** Exercise **
Return only that part of the material below which starts with the line containing "#150=CARTESIAN_POINT('',(218.5,40.,2.99999999999998));" and goes on through the line containing "#161=AXIS2_PLACEMENT_3D('',#158,#159,#160);", restated exactly.

** Supplied entries **
------------------------------------------------------------
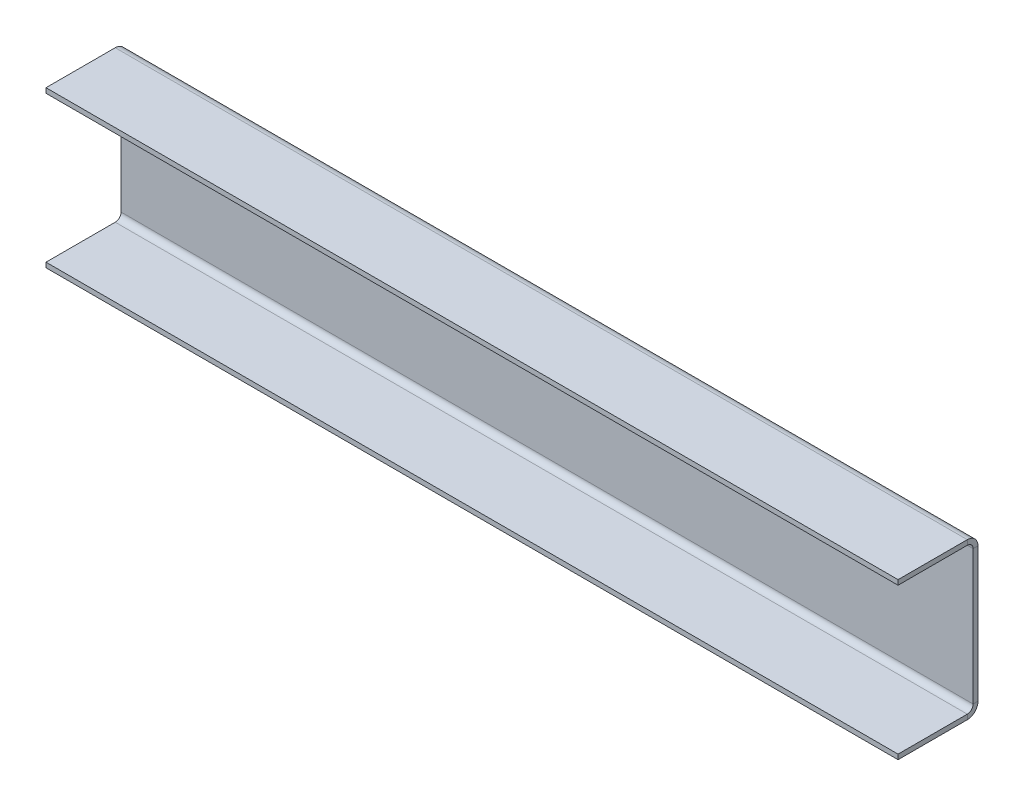
ISO-10303-21;
HEADER;
FILE_DESCRIPTION(('STEP AP214'),'2;1');
FILE_NAME('part.step','',(''),(''),'','','');
FILE_SCHEMA(('AUTOMOTIVE_DESIGN { 1 0 10303 214 1 1 1 1 }'));
ENDSEC;
DATA;
#1=APPLICATION_CONTEXT('core data for automotive mechanical design processes');
#2=APPLICATION_PROTOCOL_DEFINITION('international standard','automotive_design',2000,#1);
#3=PRODUCT_CONTEXT('',#1,'mechanical');
#4=PRODUCT('Part','Part','',(#3));
#5=PRODUCT_RELATED_PRODUCT_CATEGORY('part','',(#4));
#6=PRODUCT_DEFINITION_FORMATION('','',#4);
#7=PRODUCT_DEFINITION_CONTEXT('part definition',#1,'design');
#8=PRODUCT_DEFINITION('design','',#6,#7);
#9=PRODUCT_DEFINITION_SHAPE('','',#8);
#10=(LENGTH_UNIT() NAMED_UNIT(*) SI_UNIT(.MILLI.,.METRE.));
#11=(NAMED_UNIT(*) PLANE_ANGLE_UNIT() SI_UNIT($,.RADIAN.));
#12=(NAMED_UNIT(*) SI_UNIT($,.STERADIAN.) SOLID_ANGLE_UNIT());
#13=UNCERTAINTY_MEASURE_WITH_UNIT(LENGTH_MEASURE(1.E-05),#10,'distance_accuracy_value','');
#14=(GEOMETRIC_REPRESENTATION_CONTEXT(3) GLOBAL_UNCERTAINTY_ASSIGNED_CONTEXT((#13)) GLOBAL_UNIT_ASSIGNED_CONTEXT((#10,
#11,#12)) REPRESENTATION_CONTEXT('',''));
#15=CARTESIAN_POINT('',(0.,0.,0.));
#16=DIRECTION('',(0.,0.,1.));
#17=DIRECTION('',(1.,0.,0.));
#18=AXIS2_PLACEMENT_3D('',#15,#16,#17);
#19=CARTESIAN_POINT('',(0.,0.,-2.5));
#20=DIRECTION('',(0.,0.,1.));
#21=DIRECTION('',(1.,0.,0.));
#22=AXIS2_PLACEMENT_3D('',#19,#20,#21);
#23=PLANE('',#22);
#24=DIRECTION('',(1.,0.,0.));
#25=VECTOR('',#24,1.);
#26=CARTESIAN_POINT('',(218.5,-34.5,-2.50000000000002));
#27=LINE('',#26,#25);
#28=CARTESIAN_POINT('',(218.5,-34.5,-2.50000000000002));
#29=VERTEX_POINT('',#28);
#30=CARTESIAN_POINT('',(-218.5,-34.5,-2.5));
#31=VERTEX_POINT('',#30);
#32=EDGE_CURVE('E212',#29,#31,#27,.F.);
#33=ORIENTED_EDGE('',*,*,#32,.T.);
#34=DIRECTION('',(0.,-1.,0.));
#35=VECTOR('',#34,1.);
#36=CARTESIAN_POINT('',(-218.5,-40.,-2.5));
#37=LINE('',#36,#35);
#38=CARTESIAN_POINT('',(-218.5,34.5,-2.50000000000004));
#39=VERTEX_POINT('',#38);
#40=EDGE_CURVE('E89',#39,#31,#37,.T.);
#41=ORIENTED_EDGE('',*,*,#40,.F.);
#42=DIRECTION('',(-1.,0.,0.));
#43=VECTOR('',#42,1.);
#44=CARTESIAN_POINT('',(-218.5,34.5,-2.50000000000004));
#45=LINE('',#44,#43);
#46=CARTESIAN_POINT('',(218.5,34.5,-2.5));
#47=VERTEX_POINT('',#46);
#48=EDGE_CURVE('E265',#39,#47,#45,.F.);
#49=ORIENTED_EDGE('',*,*,#48,.T.);
#50=DIRECTION('',(0.,1.,0.));
#51=VECTOR('',#50,1.);
#52=CARTESIAN_POINT('',(218.5,-40.,-2.5));
#53=LINE('',#52,#51);
#54=EDGE_CURVE('E13',#29,#47,#53,.T.);
#55=ORIENTED_EDGE('',*,*,#54,.F.);
#56=EDGE_LOOP('',(#33,#41,#49,#55));
#57=FACE_BOUND('',#56,.T.);
#58=ADVANCED_FACE('F80',(#57),#23,.F.);
#59=CARTESIAN_POINT('',(0.,0.,0.));
#60=DIRECTION('',(0.,0.,1.));
#61=DIRECTION('',(1.,0.,0.));
#62=AXIS2_PLACEMENT_3D('',#59,#60,#61);
#63=PLANE('',#62);
#64=DIRECTION('',(0.,-1.,0.));
#65=VECTOR('',#64,1.);
#66=CARTESIAN_POINT('',(-218.5,-40.,0.));
#67=LINE('',#66,#65);
#68=CARTESIAN_POINT('',(-218.5,34.5,0.));
#69=VERTEX_POINT('',#68);
#70=CARTESIAN_POINT('',(-218.5,-34.5,0.));
#71=VERTEX_POINT('',#70);
#72=EDGE_CURVE('E283',#69,#71,#67,.T.);
#73=ORIENTED_EDGE('',*,*,#72,.T.);
#74=DIRECTION('',(1.,0.,0.));
#75=VECTOR('',#74,1.);
#76=CARTESIAN_POINT('',(218.5,-34.5,0.));
#77=LINE('',#76,#75);
#78=CARTESIAN_POINT('',(218.5,-34.5,0.));
#79=VERTEX_POINT('',#78);
#80=EDGE_CURVE('E224',#79,#71,#77,.F.);
#81=ORIENTED_EDGE('',*,*,#80,.F.);
#82=DIRECTION('',(0.,1.,0.));
#83=VECTOR('',#82,1.);
#84=CARTESIAN_POINT('',(218.5,-40.,0.));
#85=LINE('',#84,#83);
#86=CARTESIAN_POINT('',(218.5,34.5,0.));
#87=VERTEX_POINT('',#86);
#88=EDGE_CURVE('E84',#79,#87,#85,.T.);
#89=ORIENTED_EDGE('',*,*,#88,.T.);
#90=DIRECTION('',(-1.,0.,0.));
#91=VECTOR('',#90,1.);
#92=CARTESIAN_POINT('',(-218.5,34.5,0.));
#93=LINE('',#92,#91);
#94=EDGE_CURVE('E97',#69,#87,#93,.F.);
#95=ORIENTED_EDGE('',*,*,#94,.F.);
#96=EDGE_LOOP('',(#73,#81,#89,#95));
#97=FACE_BOUND('',#96,.T.);
#98=ADVANCED_FACE('F288',(#97),#63,.T.);
#99=CARTESIAN_POINT('',(218.5,-40.,-2.5));
#100=DIRECTION('',(1.,0.,0.));
#101=DIRECTION('',(0.,0.,-1.));
#102=AXIS2_PLACEMENT_3D('',#99,#100,#101);
#103=PLANE('',#102);
#104=ORIENTED_EDGE('',*,*,#88,.F.);
#105=DIRECTION('',(0.,0.,-1.));
#106=VECTOR('',#105,1.);
#107=CARTESIAN_POINT('',(218.5,-34.5,0.));
#108=LINE('',#107,#106);
#109=EDGE_CURVE('E218',#79,#29,#108,.T.);
#110=ORIENTED_EDGE('',*,*,#109,.T.);
#111=ORIENTED_EDGE('',*,*,#54,.T.);
#112=DIRECTION('',(0.,0.,-1.));
#113=VECTOR('',#112,1.);
#114=CARTESIAN_POINT('',(218.5,34.5,0.));
#115=LINE('',#114,#113);
#116=EDGE_CURVE('E280',#87,#47,#115,.T.);
#117=ORIENTED_EDGE('',*,*,#116,.F.);
#118=EDGE_LOOP('',(#104,#110,#111,#117));
#119=FACE_BOUND('',#118,.T.);
#120=ADVANCED_FACE('F290',(#119),#103,.T.);
#121=CARTESIAN_POINT('',(-218.5,-40.,-2.5));
#122=DIRECTION('',(-1.,0.,0.));
#123=DIRECTION('',(0.,0.,1.));
#124=AXIS2_PLACEMENT_3D('',#121,#122,#123);
#125=PLANE('',#124);
#126=DIRECTION('',(0.,0.,-1.));
#127=VECTOR('',#126,1.);
#128=CARTESIAN_POINT('',(-218.5,-34.5,0.));
#129=LINE('',#128,#127);
#130=EDGE_CURVE('E230',#71,#31,#129,.T.);
#131=ORIENTED_EDGE('',*,*,#130,.F.);
#132=ORIENTED_EDGE('',*,*,#72,.F.);
#133=DIRECTION('',(0.,0.,-1.));
#134=VECTOR('',#133,1.);
#135=CARTESIAN_POINT('',(-218.5,34.5,0.));
#136=LINE('',#135,#134);
#137=EDGE_CURVE('E271',#69,#39,#136,.T.);
#138=ORIENTED_EDGE('',*,*,#137,.T.);
#139=ORIENTED_EDGE('',*,*,#40,.T.);
#140=EDGE_LOOP('',(#131,#132,#138,#139));
#141=FACE_BOUND('',#140,.T.);
#142=ADVANCED_FACE('F82',(#141),#125,.T.);
#143=CARTESIAN_POINT('',(218.5,34.5,3.));
#144=DIRECTION('',(1.,0.,0.));
#145=DIRECTION('',(0.,0.,-1.));
#146=AXIS2_PLACEMENT_3D('',#143,#144,#145);
#147=PLANE('',#146);
#148=DIRECTION('',(0.,-1.,0.));
#149=VECTOR('',#148,1.);
#150=CARTESIAN_POINT('',(218.5,40.,2.99999999999998));
#151=LINE('',#150,#149);
#152=CARTESIAN_POINT('',(218.5,37.5,2.99999999999999));
#153=VERTEX_POINT('',#152);
#154=CARTESIAN_POINT('',(218.5,40.,2.99999999999998));
#155=VERTEX_POINT('',#154);
#156=EDGE_CURVE('E233',#153,#155,#151,.F.);
#157=ORIENTED_EDGE('',*,*,#156,.F.);
#158=CARTESIAN_POINT('',(218.5,34.5,3.));
#159=DIRECTION('',(-1.,0.,0.));
#160=DIRECTION('',(0.,0.,1.));
#161=AXIS2_PLACEMENT_3D('',#158,#159,#160);
#162=CIRCLE('',#161,3.00000000000004);
#163=EDGE_CURVE('E274',#87,#153,#162,.F.);
#164=ORIENTED_EDGE('',*,*,#163,.F.);
#165=ORIENTED_EDGE('',*,*,#116,.T.);
#166=CARTESIAN_POINT('',(218.5,34.5,3.));
#167=DIRECTION('',(-1.,0.,0.));
#168=DIRECTION('',(0.,0.,1.));
#169=AXIS2_PLACEMENT_3D('',#166,#167,#168);
#170=CIRCLE('',#169,5.50000000000004);
#171=EDGE_CURVE('E267',#47,#155,#170,.F.);
#172=ORIENTED_EDGE('',*,*,#171,.T.);
#173=EDGE_LOOP('',(#157,#164,#165,#172));
#174=FACE_BOUND('',#173,.T.);
#175=ADVANCED_FACE('F298',(#174),#147,.T.);
#176=CARTESIAN_POINT('',(-218.5,34.5,3.));
#177=DIRECTION('',(1.,0.,0.));
#178=DIRECTION('',(0.,0.,-1.));
#179=AXIS2_PLACEMENT_3D('',#176,#177,#178);
#180=PLANE('',#179);
#181=CARTESIAN_POINT('',(-218.5,34.5,3.));
#182=DIRECTION('',(-1.,0.,0.));
#183=DIRECTION('',(0.,0.,1.));
#184=AXIS2_PLACEMENT_3D('',#181,#182,#183);
#185=CIRCLE('',#184,3.00000000000004);
#186=CARTESIAN_POINT('',(-218.5,37.5,2.99999999999999));
#187=VERTEX_POINT('',#186);
#188=EDGE_CURVE('E238',#187,#69,#185,.T.);
#189=ORIENTED_EDGE('',*,*,#188,.F.);
#190=DIRECTION('',(0.,-1.,0.));
#191=VECTOR('',#190,1.);
#192=CARTESIAN_POINT('',(-218.5,37.5,2.99999999999999));
#193=LINE('',#192,#191);
#194=CARTESIAN_POINT('',(-218.5,40.,2.99999999999998));
#195=VERTEX_POINT('',#194);
#196=EDGE_CURVE('E258',#187,#195,#193,.F.);
#197=ORIENTED_EDGE('',*,*,#196,.T.);
#198=CARTESIAN_POINT('',(-218.5,34.5,3.));
#199=DIRECTION('',(-1.,0.,0.));
#200=DIRECTION('',(0.,0.,1.));
#201=AXIS2_PLACEMENT_3D('',#198,#199,#200);
#202=CIRCLE('',#201,5.50000000000004);
#203=EDGE_CURVE('E268',#195,#39,#202,.T.);
#204=ORIENTED_EDGE('',*,*,#203,.T.);
#205=ORIENTED_EDGE('',*,*,#137,.F.);
#206=EDGE_LOOP('',(#189,#197,#204,#205));
#207=FACE_BOUND('',#206,.T.);
#208=ADVANCED_FACE('F319',(#207),#180,.F.);
#209=CARTESIAN_POINT('',(-218.5,34.5,3.));
#210=DIRECTION('',(-1.,0.,0.));
#211=DIRECTION('',(0.,1.,0.));
#212=AXIS2_PLACEMENT_3D('',#209,#210,#211);
#213=CYLINDRICAL_SURFACE('',#212,5.50000000000004);
#214=ORIENTED_EDGE('',*,*,#48,.F.);
#215=ORIENTED_EDGE('',*,*,#203,.F.);
#216=DIRECTION('',(-1.,0.,0.));
#217=VECTOR('',#216,1.);
#218=CARTESIAN_POINT('',(218.5,40.,2.99999999999998));
#219=LINE('',#218,#217);
#220=EDGE_CURVE('E256',#195,#155,#219,.F.);
#221=ORIENTED_EDGE('',*,*,#220,.T.);
#222=ORIENTED_EDGE('',*,*,#171,.F.);
#223=EDGE_LOOP('',(#214,#215,#221,#222));
#224=FACE_BOUND('',#223,.T.);
#225=ADVANCED_FACE('F498',(#224),#213,.T.);
#226=CARTESIAN_POINT('',(-218.5,34.5,3.));
#227=DIRECTION('',(-1.,0.,0.));
#228=DIRECTION('',(0.,1.,0.));
#229=AXIS2_PLACEMENT_3D('',#226,#227,#228);
#230=CYLINDRICAL_SURFACE('',#229,3.00000000000004);
#231=ORIENTED_EDGE('',*,*,#94,.T.);
#232=ORIENTED_EDGE('',*,*,#163,.T.);
#233=DIRECTION('',(-1.,0.,0.));
#234=VECTOR('',#233,1.);
#235=CARTESIAN_POINT('',(218.5,37.5,2.99999999999999));
#236=LINE('',#235,#234);
#237=EDGE_CURVE('E261',#153,#187,#236,.T.);
#238=ORIENTED_EDGE('',*,*,#237,.T.);
#239=ORIENTED_EDGE('',*,*,#188,.T.);
#240=EDGE_LOOP('',(#231,#232,#238,#239));
#241=FACE_BOUND('',#240,.T.);
#242=ADVANCED_FACE('F295',(#241),#230,.F.);
#243=CARTESIAN_POINT('',(218.5,40.,0.));
#244=DIRECTION('',(-1.,0.,0.));
#245=DIRECTION('',(0.,0.,1.));
#246=AXIS2_PLACEMENT_3D('',#243,#244,#245);
#247=PLANE('',#246);
#248=ORIENTED_EDGE('',*,*,#156,.T.);
#249=DIRECTION('',(0.,0.,-1.));
#250=VECTOR('',#249,1.);
#251=CARTESIAN_POINT('',(218.5,40.,-6.18269980827997E-13));
#252=LINE('',#251,#250);
#253=CARTESIAN_POINT('',(218.5,40.0000000000002,38.5));
#254=VERTEX_POINT('',#253);
#255=EDGE_CURVE('E246',#254,#155,#252,.T.);
#256=ORIENTED_EDGE('',*,*,#255,.F.);
#257=DIRECTION('',(0.,-1.,0.));
#258=VECTOR('',#257,1.);
#259=CARTESIAN_POINT('',(218.5,40.0000000000002,38.5));
#260=LINE('',#259,#258);
#261=CARTESIAN_POINT('',(218.5,37.5000000000002,38.5));
#262=VERTEX_POINT('',#261);
#263=EDGE_CURVE('E239',#254,#262,#260,.T.);
#264=ORIENTED_EDGE('',*,*,#263,.T.);
#265=DIRECTION('',(0.,0.,1.));
#266=VECTOR('',#265,1.);
#267=CARTESIAN_POINT('',(218.5,37.5,0.));
#268=LINE('',#267,#266);
#269=EDGE_CURVE('E253',#262,#153,#268,.F.);
#270=ORIENTED_EDGE('',*,*,#269,.T.);
#271=EDGE_LOOP('',(#248,#256,#264,#270));
#272=FACE_BOUND('',#271,.T.);
#273=ADVANCED_FACE('F301',(#272),#247,.F.);
#274=CARTESIAN_POINT('',(-218.5,40.0000000000001,38.5));
#275=DIRECTION('',(1.,0.,0.));
#276=DIRECTION('',(0.,0.,-1.));
#277=AXIS2_PLACEMENT_3D('',#274,#275,#276);
#278=PLANE('',#277);
#279=ORIENTED_EDGE('',*,*,#196,.F.);
#280=DIRECTION('',(0.,0.,-1.));
#281=VECTOR('',#280,1.);
#282=CARTESIAN_POINT('',(-218.5,37.5000000000001,38.5));
#283=LINE('',#282,#281);
#284=CARTESIAN_POINT('',(-218.5,37.5000000000001,38.5));
#285=VERTEX_POINT('',#284);
#286=EDGE_CURVE('E251',#187,#285,#283,.F.);
#287=ORIENTED_EDGE('',*,*,#286,.T.);
#288=DIRECTION('',(0.,-1.,0.));
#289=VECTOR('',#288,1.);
------------------------------------------------------------
** Response for this exercise **
#150=CARTESIAN_POINT('',(218.5,40.,2.99999999999998));
#151=LINE('',#150,#149);
#152=CARTESIAN_POINT('',(218.5,37.5,2.99999999999999));
#153=VERTEX_POINT('',#152);
#154=CARTESIAN_POINT('',(218.5,40.,2.99999999999998));
#155=VERTEX_POINT('',#154);
#156=EDGE_CURVE('E233',#153,#155,#151,.F.);
#157=ORIENTED_EDGE('',*,*,#156,.F.);
#158=CARTESIAN_POINT('',(218.5,34.5,3.));
#159=DIRECTION('',(-1.,0.,0.));
#160=DIRECTION('',(0.,0.,1.));
#161=AXIS2_PLACEMENT_3D('',#158,#159,#160);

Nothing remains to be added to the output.